WORK INSTRUCTION:
State how many lines in the following entries hold the word "ENGRAVE". The reply is that number only.

(Records from a dataset)
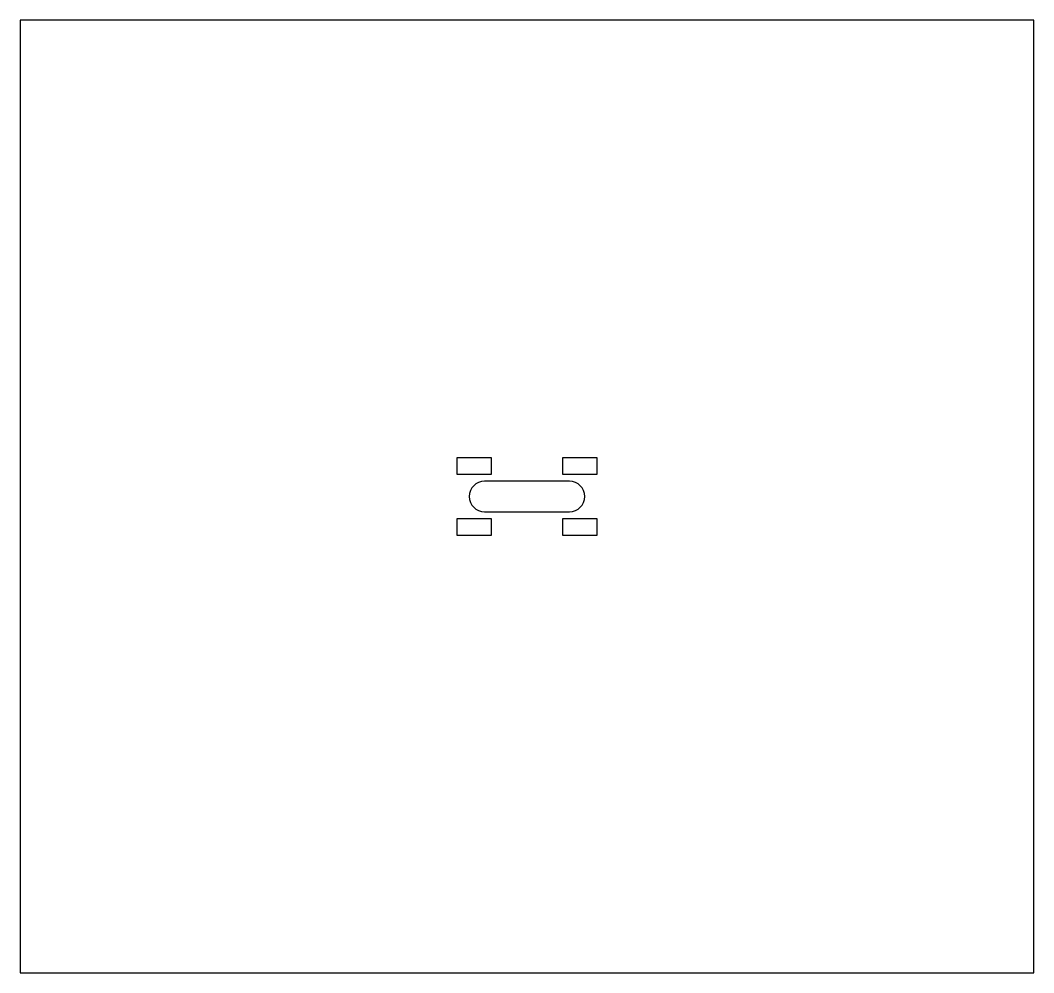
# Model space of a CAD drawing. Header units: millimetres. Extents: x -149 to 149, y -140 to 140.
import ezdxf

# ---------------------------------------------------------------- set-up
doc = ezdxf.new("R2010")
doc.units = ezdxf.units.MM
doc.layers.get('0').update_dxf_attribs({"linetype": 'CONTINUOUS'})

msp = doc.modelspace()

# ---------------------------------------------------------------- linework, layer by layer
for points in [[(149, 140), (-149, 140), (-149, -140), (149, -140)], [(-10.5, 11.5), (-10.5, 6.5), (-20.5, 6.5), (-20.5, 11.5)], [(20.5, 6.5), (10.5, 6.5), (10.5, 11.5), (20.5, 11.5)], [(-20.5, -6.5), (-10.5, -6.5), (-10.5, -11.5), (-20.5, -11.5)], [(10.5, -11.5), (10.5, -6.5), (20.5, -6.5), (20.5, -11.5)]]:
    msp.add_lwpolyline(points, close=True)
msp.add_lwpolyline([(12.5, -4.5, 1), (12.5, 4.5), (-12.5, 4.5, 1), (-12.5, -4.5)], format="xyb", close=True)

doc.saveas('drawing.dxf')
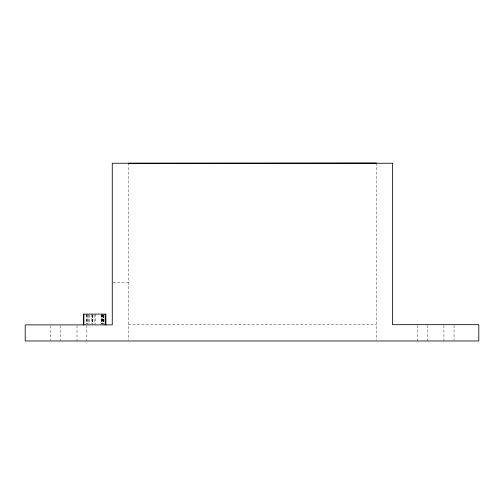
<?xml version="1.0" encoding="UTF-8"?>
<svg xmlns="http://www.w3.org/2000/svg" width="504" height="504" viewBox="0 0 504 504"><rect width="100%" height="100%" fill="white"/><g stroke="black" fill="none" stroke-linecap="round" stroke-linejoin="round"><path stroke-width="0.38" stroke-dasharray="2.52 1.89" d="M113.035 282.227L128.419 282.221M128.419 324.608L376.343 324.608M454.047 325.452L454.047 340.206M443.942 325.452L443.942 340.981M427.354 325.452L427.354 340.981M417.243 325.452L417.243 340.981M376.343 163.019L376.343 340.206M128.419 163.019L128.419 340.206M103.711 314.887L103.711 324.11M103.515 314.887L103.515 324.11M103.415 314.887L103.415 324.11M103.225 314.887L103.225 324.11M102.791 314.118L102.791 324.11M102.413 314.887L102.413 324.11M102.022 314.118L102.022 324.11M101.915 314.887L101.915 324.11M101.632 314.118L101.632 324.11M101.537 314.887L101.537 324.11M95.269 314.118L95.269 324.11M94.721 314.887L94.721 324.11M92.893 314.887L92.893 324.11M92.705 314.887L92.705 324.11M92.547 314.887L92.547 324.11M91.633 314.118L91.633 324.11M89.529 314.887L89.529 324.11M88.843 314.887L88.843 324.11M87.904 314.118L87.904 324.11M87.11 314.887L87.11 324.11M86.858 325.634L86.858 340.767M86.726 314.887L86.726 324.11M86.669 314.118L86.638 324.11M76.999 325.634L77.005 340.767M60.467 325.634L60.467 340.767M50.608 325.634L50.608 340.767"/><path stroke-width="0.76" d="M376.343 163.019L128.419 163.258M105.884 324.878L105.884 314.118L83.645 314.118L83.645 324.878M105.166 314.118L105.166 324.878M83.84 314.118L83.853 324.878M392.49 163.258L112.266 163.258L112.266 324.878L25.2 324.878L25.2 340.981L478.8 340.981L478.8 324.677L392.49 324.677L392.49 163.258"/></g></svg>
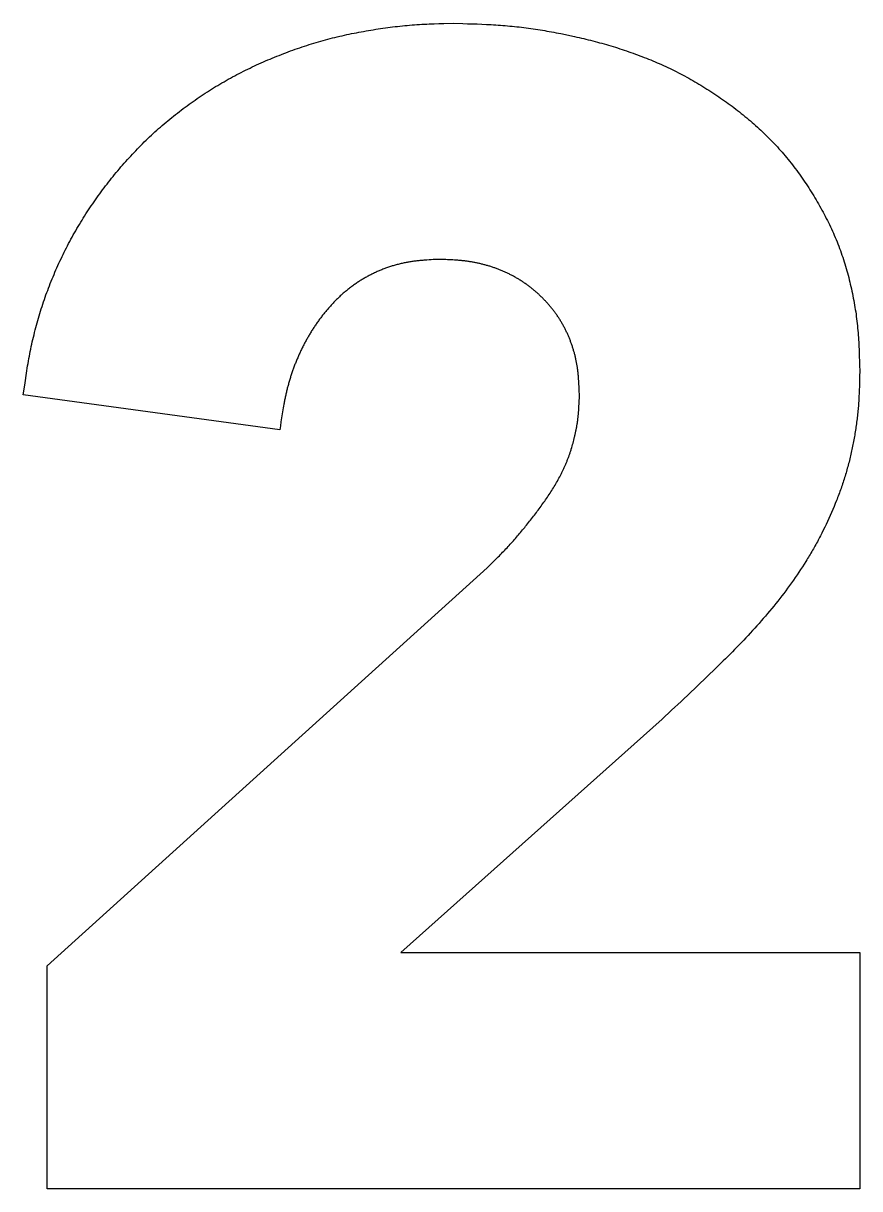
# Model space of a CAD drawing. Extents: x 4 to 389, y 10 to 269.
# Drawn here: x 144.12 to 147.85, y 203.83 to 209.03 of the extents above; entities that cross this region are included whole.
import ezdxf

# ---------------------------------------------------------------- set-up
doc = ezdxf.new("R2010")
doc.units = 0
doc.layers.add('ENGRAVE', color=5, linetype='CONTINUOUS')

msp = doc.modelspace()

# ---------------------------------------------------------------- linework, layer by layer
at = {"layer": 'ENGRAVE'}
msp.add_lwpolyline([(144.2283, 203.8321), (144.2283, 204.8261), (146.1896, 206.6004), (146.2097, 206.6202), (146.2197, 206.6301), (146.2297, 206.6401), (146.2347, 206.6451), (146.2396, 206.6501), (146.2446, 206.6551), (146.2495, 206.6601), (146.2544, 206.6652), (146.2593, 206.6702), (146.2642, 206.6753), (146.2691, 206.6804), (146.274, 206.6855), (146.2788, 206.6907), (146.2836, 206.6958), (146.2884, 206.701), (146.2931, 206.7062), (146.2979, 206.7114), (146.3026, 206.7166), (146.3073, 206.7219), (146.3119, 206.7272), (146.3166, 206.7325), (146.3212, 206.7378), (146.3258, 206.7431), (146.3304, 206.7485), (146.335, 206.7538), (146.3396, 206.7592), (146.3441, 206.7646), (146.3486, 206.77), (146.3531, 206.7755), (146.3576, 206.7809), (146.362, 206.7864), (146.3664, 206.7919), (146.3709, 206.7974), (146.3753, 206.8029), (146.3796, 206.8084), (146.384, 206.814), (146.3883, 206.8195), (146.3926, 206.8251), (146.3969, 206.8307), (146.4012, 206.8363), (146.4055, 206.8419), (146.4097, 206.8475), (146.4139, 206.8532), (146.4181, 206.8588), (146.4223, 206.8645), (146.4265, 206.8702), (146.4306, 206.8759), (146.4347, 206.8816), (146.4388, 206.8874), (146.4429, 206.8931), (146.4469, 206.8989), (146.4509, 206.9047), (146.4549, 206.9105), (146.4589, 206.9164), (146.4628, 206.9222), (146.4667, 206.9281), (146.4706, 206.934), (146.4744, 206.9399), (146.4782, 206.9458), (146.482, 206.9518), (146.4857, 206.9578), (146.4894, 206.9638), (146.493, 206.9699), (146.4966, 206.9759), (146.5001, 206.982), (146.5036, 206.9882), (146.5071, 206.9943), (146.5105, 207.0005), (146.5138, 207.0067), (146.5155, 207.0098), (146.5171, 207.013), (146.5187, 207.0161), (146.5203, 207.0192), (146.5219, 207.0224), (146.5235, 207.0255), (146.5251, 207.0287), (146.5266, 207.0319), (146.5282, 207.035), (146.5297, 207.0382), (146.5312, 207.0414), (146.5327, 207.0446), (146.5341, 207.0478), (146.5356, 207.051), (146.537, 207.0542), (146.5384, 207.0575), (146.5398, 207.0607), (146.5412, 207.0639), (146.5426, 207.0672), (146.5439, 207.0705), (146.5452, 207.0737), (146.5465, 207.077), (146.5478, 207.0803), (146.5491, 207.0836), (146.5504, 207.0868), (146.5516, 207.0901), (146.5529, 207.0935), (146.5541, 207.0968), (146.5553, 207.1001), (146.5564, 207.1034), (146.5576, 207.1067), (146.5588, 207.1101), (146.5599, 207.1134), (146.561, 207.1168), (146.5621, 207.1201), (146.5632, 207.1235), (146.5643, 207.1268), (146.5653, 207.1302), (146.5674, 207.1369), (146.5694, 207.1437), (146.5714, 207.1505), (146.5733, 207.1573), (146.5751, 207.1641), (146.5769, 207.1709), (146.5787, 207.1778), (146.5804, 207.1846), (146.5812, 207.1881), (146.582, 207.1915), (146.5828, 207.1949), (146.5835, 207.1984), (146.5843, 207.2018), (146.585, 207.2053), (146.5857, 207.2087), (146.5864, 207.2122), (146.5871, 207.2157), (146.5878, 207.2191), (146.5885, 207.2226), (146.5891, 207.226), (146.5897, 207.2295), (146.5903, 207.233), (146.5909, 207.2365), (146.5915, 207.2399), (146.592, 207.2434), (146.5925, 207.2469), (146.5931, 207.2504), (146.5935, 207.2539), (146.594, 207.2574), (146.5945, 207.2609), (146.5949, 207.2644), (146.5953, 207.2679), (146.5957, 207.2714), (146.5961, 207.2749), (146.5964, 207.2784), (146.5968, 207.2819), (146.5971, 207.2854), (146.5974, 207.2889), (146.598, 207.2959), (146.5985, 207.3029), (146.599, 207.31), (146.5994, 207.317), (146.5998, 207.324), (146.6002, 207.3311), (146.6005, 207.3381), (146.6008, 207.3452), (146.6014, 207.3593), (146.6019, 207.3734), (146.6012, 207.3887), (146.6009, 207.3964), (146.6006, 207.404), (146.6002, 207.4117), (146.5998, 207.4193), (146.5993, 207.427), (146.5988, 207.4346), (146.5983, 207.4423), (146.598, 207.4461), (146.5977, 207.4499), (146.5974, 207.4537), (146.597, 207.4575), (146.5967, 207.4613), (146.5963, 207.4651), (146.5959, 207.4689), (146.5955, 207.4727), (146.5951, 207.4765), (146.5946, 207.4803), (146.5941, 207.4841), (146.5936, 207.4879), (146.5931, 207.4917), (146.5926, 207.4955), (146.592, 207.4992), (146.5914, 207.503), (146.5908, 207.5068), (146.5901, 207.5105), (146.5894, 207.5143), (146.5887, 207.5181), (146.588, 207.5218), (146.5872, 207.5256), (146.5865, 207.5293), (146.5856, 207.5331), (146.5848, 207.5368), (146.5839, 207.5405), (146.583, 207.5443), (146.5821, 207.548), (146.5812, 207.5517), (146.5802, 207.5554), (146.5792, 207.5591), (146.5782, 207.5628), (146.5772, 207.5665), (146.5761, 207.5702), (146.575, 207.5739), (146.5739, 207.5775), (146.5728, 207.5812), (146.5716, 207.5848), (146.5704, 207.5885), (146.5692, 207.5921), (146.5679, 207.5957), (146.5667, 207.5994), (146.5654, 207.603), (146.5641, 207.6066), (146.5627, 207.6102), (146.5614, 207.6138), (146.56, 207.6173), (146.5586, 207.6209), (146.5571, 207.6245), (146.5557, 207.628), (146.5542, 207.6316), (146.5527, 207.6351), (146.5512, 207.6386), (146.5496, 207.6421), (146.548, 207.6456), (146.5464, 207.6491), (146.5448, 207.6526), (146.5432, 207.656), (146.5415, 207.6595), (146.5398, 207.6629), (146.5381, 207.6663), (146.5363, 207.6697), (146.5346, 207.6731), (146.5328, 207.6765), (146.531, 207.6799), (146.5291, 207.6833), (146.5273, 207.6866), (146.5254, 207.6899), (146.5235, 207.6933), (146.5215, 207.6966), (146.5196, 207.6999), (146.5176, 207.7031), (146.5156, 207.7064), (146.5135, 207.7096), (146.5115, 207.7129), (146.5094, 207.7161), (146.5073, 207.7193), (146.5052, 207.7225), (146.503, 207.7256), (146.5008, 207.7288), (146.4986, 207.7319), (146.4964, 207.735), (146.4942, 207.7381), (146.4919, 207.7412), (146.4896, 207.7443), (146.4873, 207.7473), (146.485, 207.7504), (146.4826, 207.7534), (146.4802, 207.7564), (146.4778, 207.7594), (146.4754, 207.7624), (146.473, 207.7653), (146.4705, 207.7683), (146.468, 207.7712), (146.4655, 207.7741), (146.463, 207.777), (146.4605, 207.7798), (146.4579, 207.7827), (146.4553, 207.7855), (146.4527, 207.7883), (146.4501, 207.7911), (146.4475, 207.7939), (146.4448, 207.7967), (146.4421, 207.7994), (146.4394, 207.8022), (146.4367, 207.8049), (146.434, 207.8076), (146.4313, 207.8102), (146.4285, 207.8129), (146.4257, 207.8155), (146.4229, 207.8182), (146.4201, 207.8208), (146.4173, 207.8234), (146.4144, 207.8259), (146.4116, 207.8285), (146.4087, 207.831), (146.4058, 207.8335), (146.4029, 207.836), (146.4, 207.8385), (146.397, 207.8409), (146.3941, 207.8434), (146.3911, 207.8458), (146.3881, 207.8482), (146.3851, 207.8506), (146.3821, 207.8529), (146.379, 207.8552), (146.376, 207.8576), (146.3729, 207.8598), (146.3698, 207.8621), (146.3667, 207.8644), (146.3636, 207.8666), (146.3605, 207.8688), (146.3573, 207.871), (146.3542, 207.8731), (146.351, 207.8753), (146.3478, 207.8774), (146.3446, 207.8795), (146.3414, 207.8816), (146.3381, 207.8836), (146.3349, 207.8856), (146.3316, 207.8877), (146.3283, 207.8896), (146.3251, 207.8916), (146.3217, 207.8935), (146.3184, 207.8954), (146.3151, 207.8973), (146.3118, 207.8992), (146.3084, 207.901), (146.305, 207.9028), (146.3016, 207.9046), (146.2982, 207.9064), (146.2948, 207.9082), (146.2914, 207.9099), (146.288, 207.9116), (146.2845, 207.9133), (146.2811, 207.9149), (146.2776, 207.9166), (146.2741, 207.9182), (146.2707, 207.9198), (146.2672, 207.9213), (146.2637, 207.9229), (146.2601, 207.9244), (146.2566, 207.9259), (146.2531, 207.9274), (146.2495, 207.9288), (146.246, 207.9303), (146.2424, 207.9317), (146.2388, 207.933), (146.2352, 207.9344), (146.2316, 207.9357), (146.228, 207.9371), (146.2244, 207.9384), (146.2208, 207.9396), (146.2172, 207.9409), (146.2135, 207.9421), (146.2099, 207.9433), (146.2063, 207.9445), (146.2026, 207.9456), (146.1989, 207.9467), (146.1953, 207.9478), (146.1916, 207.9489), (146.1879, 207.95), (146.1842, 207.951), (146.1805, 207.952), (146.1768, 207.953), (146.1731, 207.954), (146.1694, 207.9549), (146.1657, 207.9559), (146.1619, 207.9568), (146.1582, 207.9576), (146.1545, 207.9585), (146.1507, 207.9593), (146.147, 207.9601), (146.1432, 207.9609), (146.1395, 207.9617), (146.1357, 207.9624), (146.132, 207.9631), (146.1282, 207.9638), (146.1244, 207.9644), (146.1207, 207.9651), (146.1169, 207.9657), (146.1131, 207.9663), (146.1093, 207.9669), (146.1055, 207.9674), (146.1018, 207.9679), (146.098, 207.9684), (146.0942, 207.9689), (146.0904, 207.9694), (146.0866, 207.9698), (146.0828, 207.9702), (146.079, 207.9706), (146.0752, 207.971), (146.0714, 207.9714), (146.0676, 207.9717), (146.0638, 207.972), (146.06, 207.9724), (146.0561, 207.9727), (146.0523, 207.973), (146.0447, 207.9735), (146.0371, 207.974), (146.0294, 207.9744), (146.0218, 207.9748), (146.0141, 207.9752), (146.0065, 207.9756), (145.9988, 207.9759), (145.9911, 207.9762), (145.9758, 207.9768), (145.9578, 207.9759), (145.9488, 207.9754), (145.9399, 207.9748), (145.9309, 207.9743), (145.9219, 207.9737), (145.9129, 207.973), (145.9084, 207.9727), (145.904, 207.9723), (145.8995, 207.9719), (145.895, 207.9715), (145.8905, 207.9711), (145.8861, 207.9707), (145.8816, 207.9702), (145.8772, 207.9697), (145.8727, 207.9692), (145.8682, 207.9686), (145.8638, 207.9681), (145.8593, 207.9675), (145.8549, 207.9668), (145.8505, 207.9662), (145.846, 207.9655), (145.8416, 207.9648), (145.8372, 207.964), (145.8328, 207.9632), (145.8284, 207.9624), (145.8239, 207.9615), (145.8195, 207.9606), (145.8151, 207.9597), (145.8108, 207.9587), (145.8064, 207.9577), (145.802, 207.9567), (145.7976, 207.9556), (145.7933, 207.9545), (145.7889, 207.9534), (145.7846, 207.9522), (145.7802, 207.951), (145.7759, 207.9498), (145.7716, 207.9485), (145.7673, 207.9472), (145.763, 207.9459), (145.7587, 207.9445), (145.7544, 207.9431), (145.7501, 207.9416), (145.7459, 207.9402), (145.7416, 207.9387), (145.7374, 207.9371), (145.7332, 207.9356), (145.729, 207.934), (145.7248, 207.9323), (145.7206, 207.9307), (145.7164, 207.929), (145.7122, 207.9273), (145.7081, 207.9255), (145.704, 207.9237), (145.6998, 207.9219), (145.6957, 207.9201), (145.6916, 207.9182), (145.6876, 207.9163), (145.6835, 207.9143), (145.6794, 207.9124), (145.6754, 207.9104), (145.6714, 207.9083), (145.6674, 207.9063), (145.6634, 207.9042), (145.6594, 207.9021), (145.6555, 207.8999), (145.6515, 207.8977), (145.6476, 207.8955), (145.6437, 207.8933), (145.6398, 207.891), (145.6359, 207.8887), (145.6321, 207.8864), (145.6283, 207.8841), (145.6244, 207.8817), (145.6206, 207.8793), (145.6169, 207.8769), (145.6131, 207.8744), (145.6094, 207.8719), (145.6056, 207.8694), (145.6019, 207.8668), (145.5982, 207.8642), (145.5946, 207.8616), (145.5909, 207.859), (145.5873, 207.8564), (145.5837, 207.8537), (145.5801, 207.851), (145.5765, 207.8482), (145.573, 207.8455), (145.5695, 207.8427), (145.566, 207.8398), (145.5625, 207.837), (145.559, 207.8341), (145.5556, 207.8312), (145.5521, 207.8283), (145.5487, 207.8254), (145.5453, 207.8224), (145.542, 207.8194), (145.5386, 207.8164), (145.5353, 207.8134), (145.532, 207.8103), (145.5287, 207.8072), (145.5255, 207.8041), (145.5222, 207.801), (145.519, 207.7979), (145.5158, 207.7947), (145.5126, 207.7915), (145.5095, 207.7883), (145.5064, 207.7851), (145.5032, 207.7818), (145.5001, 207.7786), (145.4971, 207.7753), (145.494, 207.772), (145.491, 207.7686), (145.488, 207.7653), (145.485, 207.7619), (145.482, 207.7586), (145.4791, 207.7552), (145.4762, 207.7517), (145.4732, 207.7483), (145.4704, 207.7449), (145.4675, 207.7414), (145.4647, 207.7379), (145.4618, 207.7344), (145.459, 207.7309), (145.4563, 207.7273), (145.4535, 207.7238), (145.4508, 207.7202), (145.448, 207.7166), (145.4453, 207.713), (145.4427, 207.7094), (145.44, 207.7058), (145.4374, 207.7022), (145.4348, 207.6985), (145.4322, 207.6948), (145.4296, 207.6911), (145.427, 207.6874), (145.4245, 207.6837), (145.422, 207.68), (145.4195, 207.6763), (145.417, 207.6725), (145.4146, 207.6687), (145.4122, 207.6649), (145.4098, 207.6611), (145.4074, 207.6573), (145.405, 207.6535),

EXERCISE RESULT:
2